Quel est votre rapport aux langues, notamment créole et française ?
Lou Lubie : Je suis créole, mais je ne parle pas le créole. Le rapport que j’ai à cette langue-là est un rapport de manque puisque ce n’est pas ma langue maternelle, c’est la langue de tous mes ancêtres, mais ce n’est pas la mienne. Ça, c’est quelque chose que je regrette beaucoup. Je parle l’anglais, mais c’est une compétence utile. Je n’ai pas un rapport particulier avec cette langue. Le français est ma langue de travail, c’est ma langue d’expression. C’est grâce à elle que je peux écrire et publier des livres. Elle fait vraiment partie de mon identité.
Quelle est votre définition personnelle de la bande dessinée ?
Lou Lubie : Personnellement, j’aime bien dire que je crée des produits culturels. Cela peut être de la bande dessinée ou du jeu vidéo. C’est-à-dire qu’on n’est pas sur de l’art pour la beauté de l’art. On crée un produit qu’il faut vendre, qui a une valeur financière, qui doit plaire à un public, qui doit trouver sa place dans l’offre culturelle globale. C’est pour cela que je m’intéresse aussi beaucoup aux questions de marketing et de vente. Pour moi une bande dessinée, c’est un objet culturel.
Quels conseils donneriez-vous à celles et ceux qui ont envie de se lancer en bandes dessinées ?
Lou Lubie : Faites des projets ! Écrivez des histoires, même courtes, parce que c’est comme ça qu’on apprend. Ce n’est pas avec des idées dans la tête qu’on progresse, c’est en les couchant sur papier.

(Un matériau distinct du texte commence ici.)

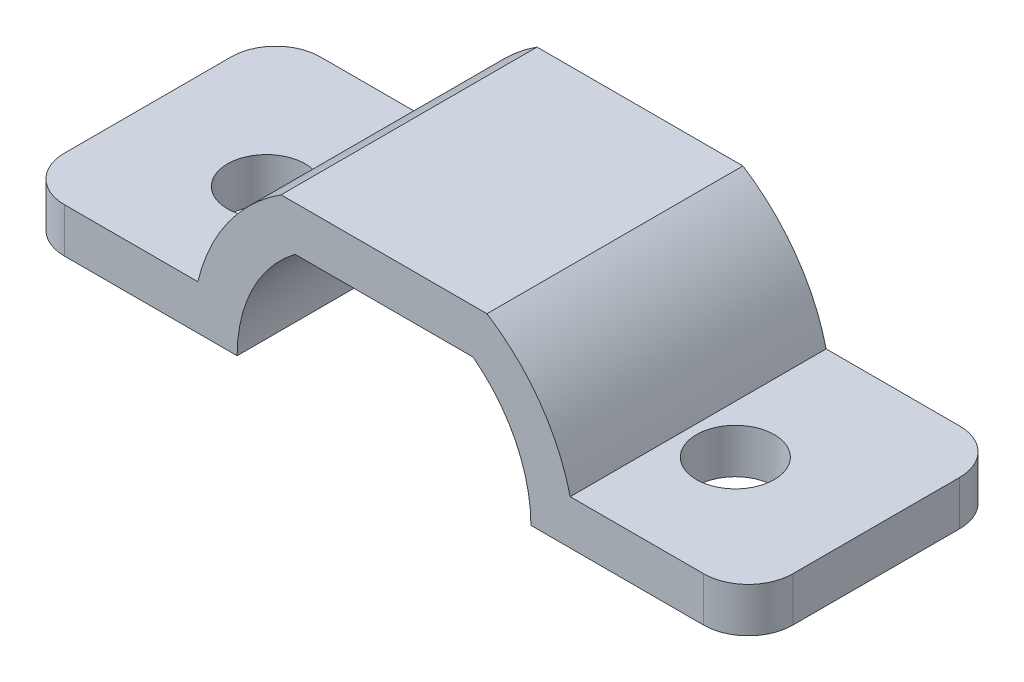
ISO-10303-21;
HEADER;
FILE_DESCRIPTION(('STEP AP214'),'2;1');
FILE_NAME('part.step','',(''),(''),'','','');
FILE_SCHEMA(('AUTOMOTIVE_DESIGN { 1 0 10303 214 1 1 1 1 }'));
ENDSEC;
DATA;
#1=APPLICATION_CONTEXT('core data for automotive mechanical design processes');
#2=APPLICATION_PROTOCOL_DEFINITION('international standard','automotive_design',2000,#1);
#3=PRODUCT_CONTEXT('',#1,'mechanical');
#4=PRODUCT('Part','Part','',(#3));
#5=PRODUCT_RELATED_PRODUCT_CATEGORY('part','',(#4));
#6=PRODUCT_DEFINITION_FORMATION('','',#4);
#7=PRODUCT_DEFINITION_CONTEXT('part definition',#1,'design');
#8=PRODUCT_DEFINITION('design','',#6,#7);
#9=PRODUCT_DEFINITION_SHAPE('','',#8);
#10=(LENGTH_UNIT() NAMED_UNIT(*) SI_UNIT(.MILLI.,.METRE.));
#11=(NAMED_UNIT(*) PLANE_ANGLE_UNIT() SI_UNIT($,.RADIAN.));
#12=(NAMED_UNIT(*) SI_UNIT($,.STERADIAN.) SOLID_ANGLE_UNIT());
#13=UNCERTAINTY_MEASURE_WITH_UNIT(LENGTH_MEASURE(1.E-05),#10,'distance_accuracy_value','');
#14=(GEOMETRIC_REPRESENTATION_CONTEXT(3) GLOBAL_UNCERTAINTY_ASSIGNED_CONTEXT((#13)) GLOBAL_UNIT_ASSIGNED_CONTEXT((#10,
#11,#12)) REPRESENTATION_CONTEXT('',''));
#15=CARTESIAN_POINT('',(0.,0.,0.));
#16=DIRECTION('',(0.,0.,1.));
#17=DIRECTION('',(1.,0.,0.));
#18=AXIS2_PLACEMENT_3D('',#15,#16,#17);
#19=CARTESIAN_POINT('',(0.,0.,5.75));
#20=DIRECTION('',(0.,0.,-1.));
#21=DIRECTION('',(-1.,0.,0.));
#22=AXIS2_PLACEMENT_3D('',#19,#20,#21);
#23=CYLINDRICAL_SURFACE('',#22,8.6);
#24=DIRECTION('',(0.,0.,-1.));
#25=VECTOR('',#24,1.);
#26=CARTESIAN_POINT('',(-8.36420946653059,2.,5.75));
#27=LINE('',#26,#25);
#28=CARTESIAN_POINT('',(-8.36420946653059,2.,5.75));
#29=VERTEX_POINT('',#28);
#30=CARTESIAN_POINT('',(-8.36420946653059,2.,-5.75));
#31=VERTEX_POINT('',#30);
#32=EDGE_CURVE('E152',#29,#31,#27,.T.);
#33=ORIENTED_EDGE('',*,*,#32,.F.);
#34=CARTESIAN_POINT('',(0.,0.,5.75));
#35=DIRECTION('',(0.,0.,1.));
#36=DIRECTION('',(1.,0.,0.));
#37=AXIS2_PLACEMENT_3D('',#34,#35,#36);
#38=CIRCLE('',#37,8.6);
#39=CARTESIAN_POINT('',(-4.62574318353278,7.25,5.75));
#40=VERTEX_POINT('',#39);
#41=EDGE_CURVE('E164',#40,#29,#38,.T.);
#42=ORIENTED_EDGE('',*,*,#41,.F.);
#43=DIRECTION('',(0.,0.,-1.));
#44=VECTOR('',#43,1.);
#45=CARTESIAN_POINT('',(-4.62574318353278,7.25,5.75));
#46=LINE('',#45,#44);
#47=CARTESIAN_POINT('',(-4.62574318353278,7.25,-5.75));
#48=VERTEX_POINT('',#47);
#49=EDGE_CURVE('E216',#40,#48,#46,.T.);
#50=ORIENTED_EDGE('',*,*,#49,.T.);
#51=CARTESIAN_POINT('',(0.,0.,-5.75));
#52=DIRECTION('',(0.,0.,1.));
#53=DIRECTION('',(1.,0.,0.));
#54=AXIS2_PLACEMENT_3D('',#51,#52,#53);
#55=CIRCLE('',#54,8.6);
#56=EDGE_CURVE('E167',#48,#31,#55,.T.);
#57=ORIENTED_EDGE('',*,*,#56,.T.);
#58=EDGE_LOOP('',(#33,#42,#50,#57));
#59=FACE_BOUND('',#58,.T.);
#60=ADVANCED_FACE('F35',(#59),#23,.T.);
#61=CARTESIAN_POINT('',(0.,0.,5.75));
#62=DIRECTION('',(0.,1.,0.));
#63=DIRECTION('',(0.,0.,1.));
#64=AXIS2_PLACEMENT_3D('',#61,#62,#63);
#65=PLANE('',#64);
#66=CARTESIAN_POINT('',(10.535,0.,0.5));
#67=DIRECTION('',(0.,-1.,0.));
#68=DIRECTION('',(0.,0.,1.));
#69=AXIS2_PLACEMENT_3D('',#66,#67,#68);
#70=CIRCLE('',#69,1.75);
#71=CARTESIAN_POINT('',(10.535,0.,2.25));
#72=VERTEX_POINT('',#71);
#73=EDGE_CURVE('E517',#72,#72,#70,.T.);
#74=ORIENTED_EDGE('',*,*,#73,.F.);
#75=EDGE_LOOP('',(#74));
#76=FACE_BOUND('',#75,.T.);
#77=DIRECTION('',(1.,0.,0.));
#78=VECTOR('',#77,1.);
#79=CARTESIAN_POINT('',(0.,0.,-5.75));
#80=LINE('',#79,#78);
#81=CARTESIAN_POINT('',(6.6,0.,-5.75));
#82=VERTEX_POINT('',#81);
#83=CARTESIAN_POINT('',(14.3642094665306,0.,-5.75));
#84=VERTEX_POINT('',#83);
#85=EDGE_CURVE('E221',#82,#84,#80,.T.);
#86=ORIENTED_EDGE('',*,*,#85,.T.);
#87=CARTESIAN_POINT('',(14.3642094665306,0.,-3.75));
#88=DIRECTION('',(0.,1.,0.));
#89=DIRECTION('',(0.,0.,1.));
#90=AXIS2_PLACEMENT_3D('',#87,#88,#89);
#91=CIRCLE('',#90,2.);
#92=CARTESIAN_POINT('',(16.3642094665306,0.,-3.75));
#93=VERTEX_POINT('',#92);
#94=EDGE_CURVE('E11',#84,#93,#91,.F.);
#95=ORIENTED_EDGE('',*,*,#94,.T.);
#96=DIRECTION('',(0.,0.,-1.));
#97=VECTOR('',#96,1.);
#98=CARTESIAN_POINT('',(16.3642094665306,0.,5.75));
#99=LINE('',#98,#97);
#100=CARTESIAN_POINT('',(16.3642094665306,0.,3.75));
#101=VERTEX_POINT('',#100);
#102=EDGE_CURVE('E238',#101,#93,#99,.T.);
#103=ORIENTED_EDGE('',*,*,#102,.F.);
#104=CARTESIAN_POINT('',(14.3642094665306,0.,3.75));
#105=DIRECTION('',(0.,1.,0.));
#106=DIRECTION('',(0.,0.,1.));
#107=AXIS2_PLACEMENT_3D('',#104,#105,#106);
#108=CIRCLE('',#107,2.);
#109=CARTESIAN_POINT('',(14.3642094665306,0.,5.75));
#110=VERTEX_POINT('',#109);
#111=EDGE_CURVE('E43',#101,#110,#108,.F.);
#112=ORIENTED_EDGE('',*,*,#111,.T.);
#113=DIRECTION('',(1.,0.,0.));
#114=VECTOR('',#113,1.);
#115=CARTESIAN_POINT('',(0.,0.,5.75));
#116=LINE('',#115,#114);
#117=CARTESIAN_POINT('',(6.6,0.,5.75));
#118=VERTEX_POINT('',#117);
#119=EDGE_CURVE('E222',#118,#110,#116,.T.);
#120=ORIENTED_EDGE('',*,*,#119,.F.);
#121=DIRECTION('',(0.,0.,-1.));
#122=VECTOR('',#121,1.);
#123=CARTESIAN_POINT('',(6.6,0.,5.75));
#124=LINE('',#123,#122);
#125=EDGE_CURVE('E190',#118,#82,#124,.T.);
#126=ORIENTED_EDGE('',*,*,#125,.T.);
#127=EDGE_LOOP('',(#86,#95,#103,#112,#120,#126));
#128=FACE_BOUND('',#127,.T.);
#129=ADVANCED_FACE('F270',(#76,#128),#65,.F.);
#130=CARTESIAN_POINT('',(16.3642094665306,0.,5.75));
#131=DIRECTION('',(-1.,0.,0.));
#132=DIRECTION('',(0.,0.,1.));
#133=AXIS2_PLACEMENT_3D('',#130,#131,#132);
#134=PLANE('',#133);
#135=ORIENTED_EDGE('',*,*,#102,.T.);
#136=DIRECTION('',(0.,1.,0.));
#137=VECTOR('',#136,1.);
#138=CARTESIAN_POINT('',(16.3642094665306,0.,-3.75));
#139=LINE('',#138,#137);
#140=CARTESIAN_POINT('',(16.3642094665306,2.,-3.75));
#141=VERTEX_POINT('',#140);
#142=EDGE_CURVE('E263',#93,#141,#139,.T.);
#143=ORIENTED_EDGE('',*,*,#142,.T.);
#144=DIRECTION('',(0.,0.,-1.));
#145=VECTOR('',#144,1.);
#146=CARTESIAN_POINT('',(16.3642094665306,2.,5.75));
#147=LINE('',#146,#145);
#148=CARTESIAN_POINT('',(16.3642094665306,2.,3.75));
#149=VERTEX_POINT('',#148);
#150=EDGE_CURVE('E235',#149,#141,#147,.T.);
#151=ORIENTED_EDGE('',*,*,#150,.F.);
#152=DIRECTION('',(0.,1.,0.));
#153=VECTOR('',#152,1.);
#154=CARTESIAN_POINT('',(16.3642094665306,0.,3.75));
#155=LINE('',#154,#153);
#156=EDGE_CURVE('E55',#149,#101,#155,.F.);
#157=ORIENTED_EDGE('',*,*,#156,.T.);
#158=EDGE_LOOP('',(#135,#143,#151,#157));
#159=FACE_BOUND('',#158,.T.);
#160=ADVANCED_FACE('F279',(#159),#134,.F.);
#161=CARTESIAN_POINT('',(0.,2.,5.75));
#162=DIRECTION('',(0.,1.,0.));
#163=DIRECTION('',(0.,0.,1.));
#164=AXIS2_PLACEMENT_3D('',#161,#162,#163);
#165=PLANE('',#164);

Un dernier mot sur la bande dessinée ? Que peut-elle ?
Lou Lubie : La bande dessinée est beaucoup plus accessible que la plupart des livres parce qu’elle allie le visuel au texte. Elle permet aussi d’aller à la rencontre de gens, souvent éloignés de la culture. Je pense notamment aux jeunes scolaires qui n’aiment pas lire. Peut-être que si on leur faisait lire de la bande dessinée à la place d’un texte de Zola, ils prendront plus facilement goût à la lecture.